Je continue, et ce qui suit est le dixième exemple que j'ai promis comme première énumération des erreurs.

Il s'agit des frères de Jésus.

Nous allons discuter ce point avec soin et avec

étendue. Que le lecteur ne regrette pas sa peine : ce sera une étude féconde. Outre l'importante question historique et religieuse dont il s'agit, ceci va devenir pour mes lecteurs, s'ils le veulent bien, un exemple et un exercice de critique. C'est l'analyse d'un état mental qu'il est nécessaire de connaître. On va voir comment la critique qui a pour essence la négation du surnaturel se comporte en présence de celle qui a pour essence l'attention.

La question est celle-ci : Jésus-Christ a-t-il eu des frères et des sœurs?

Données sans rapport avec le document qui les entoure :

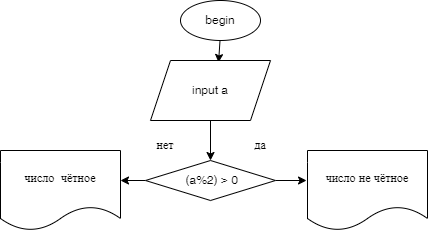

The diagram above was exported from draw.io. Its source (the exported page's mxGraphModel, read from the mxfile embedded in the PNG):
<mxGraphModel dx="558" dy="478" grid="1" gridSize="10" guides="1" tooltips="1" connect="1" arrows="1" fold="1" page="1" pageScale="1" pageWidth="827" pageHeight="1169" math="0" shadow="0">
  <root>
    <mxCell id="0" />
    <mxCell id="1" parent="0" />
    <mxCell id="5" style="edgeStyle=none;html=1;entryX=0.567;entryY=0.033;entryDx=0;entryDy=0;entryPerimeter=0;" edge="1" parent="1" source="3" target="4">
      <mxGeometry relative="1" as="geometry" />
    </mxCell>
    <mxCell id="3" value="begin" style="ellipse;whiteSpace=wrap;html=1;" vertex="1" parent="1">
      <mxGeometry x="240" y="10" width="80" height="40" as="geometry" />
    </mxCell>
    <mxCell id="7" value="" style="edgeStyle=none;html=1;" edge="1" parent="1" source="4" target="6">
      <mxGeometry relative="1" as="geometry" />
    </mxCell>
    <mxCell id="4" value="input a" style="shape=parallelogram;perimeter=parallelogramPerimeter;whiteSpace=wrap;html=1;fixedSize=1;" vertex="1" parent="1">
      <mxGeometry x="210" y="70" width="120" height="60" as="geometry" />
    </mxCell>
    <mxCell id="12" style="edgeStyle=none;html=1;entryX=1;entryY=0.375;entryDx=0;entryDy=0;entryPerimeter=0;" edge="1" parent="1" source="6" target="11">
      <mxGeometry relative="1" as="geometry" />
    </mxCell>
    <mxCell id="13" style="edgeStyle=none;html=1;entryX=-0.008;entryY=0.375;entryDx=0;entryDy=0;entryPerimeter=0;" edge="1" parent="1" source="6" target="10">
      <mxGeometry relative="1" as="geometry" />
    </mxCell>
    <mxCell id="6" value="&amp;nbsp;(a%2) &amp;gt; 0" style="rhombus;whiteSpace=wrap;html=1;" vertex="1" parent="1">
      <mxGeometry x="205" y="170" width="130" height="40" as="geometry" />
    </mxCell>
    <mxCell id="8" value="нет" style="text;html=1;strokeColor=none;fillColor=none;align=center;verticalAlign=middle;whiteSpace=wrap;rounded=0;" vertex="1" parent="1">
      <mxGeometry x="195" y="140" width="60" height="30" as="geometry" />
    </mxCell>
    <mxCell id="9" value="да" style="text;html=1;strokeColor=none;fillColor=none;align=center;verticalAlign=middle;whiteSpace=wrap;rounded=0;" vertex="1" parent="1">
      <mxGeometry x="290" y="140" width="60" height="30" as="geometry" />
    </mxCell>
    <mxCell id="10" value="число не чётное" style="shape=document;whiteSpace=wrap;html=1;boundedLbl=1;" vertex="1" parent="1">
      <mxGeometry x="367" y="160" width="120" height="80" as="geometry" />
    </mxCell>
    <mxCell id="11" value="число&amp;nbsp; чётное" style="shape=document;whiteSpace=wrap;html=1;boundedLbl=1;" vertex="1" parent="1">
      <mxGeometry x="60" y="160" width="120" height="80" as="geometry" />
    </mxCell>
  </root>
</mxGraphModel>

M. Renan cite sur ce point les textes connus, tous ceux qu'il faut citer, sauf un seul, qu'il croit avoir quelque raison d'omettre. Et il admet, comme nous, ce qu'on est bien forcé d'admettre, que, dans le texte si connu : « Celui-ci n'est-il « pas le fils de l'ouvrier? Et sa mère n'est-elle « pas Marie? Et ses frères ne sont-ils pas Jacques « et Joseph, Simon et Jude? » M. Renan admet que ces quatre noms sont les noms des cousins germains de Jésus. Pourquoi est-on forcé d'admettre cela? Parce que plusieurs textes, que cite d'ailleurs M. Renan, parlent de Marie, sœur de la sainte Vierge, femme de Cléophas, comme étant mère de Jacques, de Joseph et de Jude. Voici ces.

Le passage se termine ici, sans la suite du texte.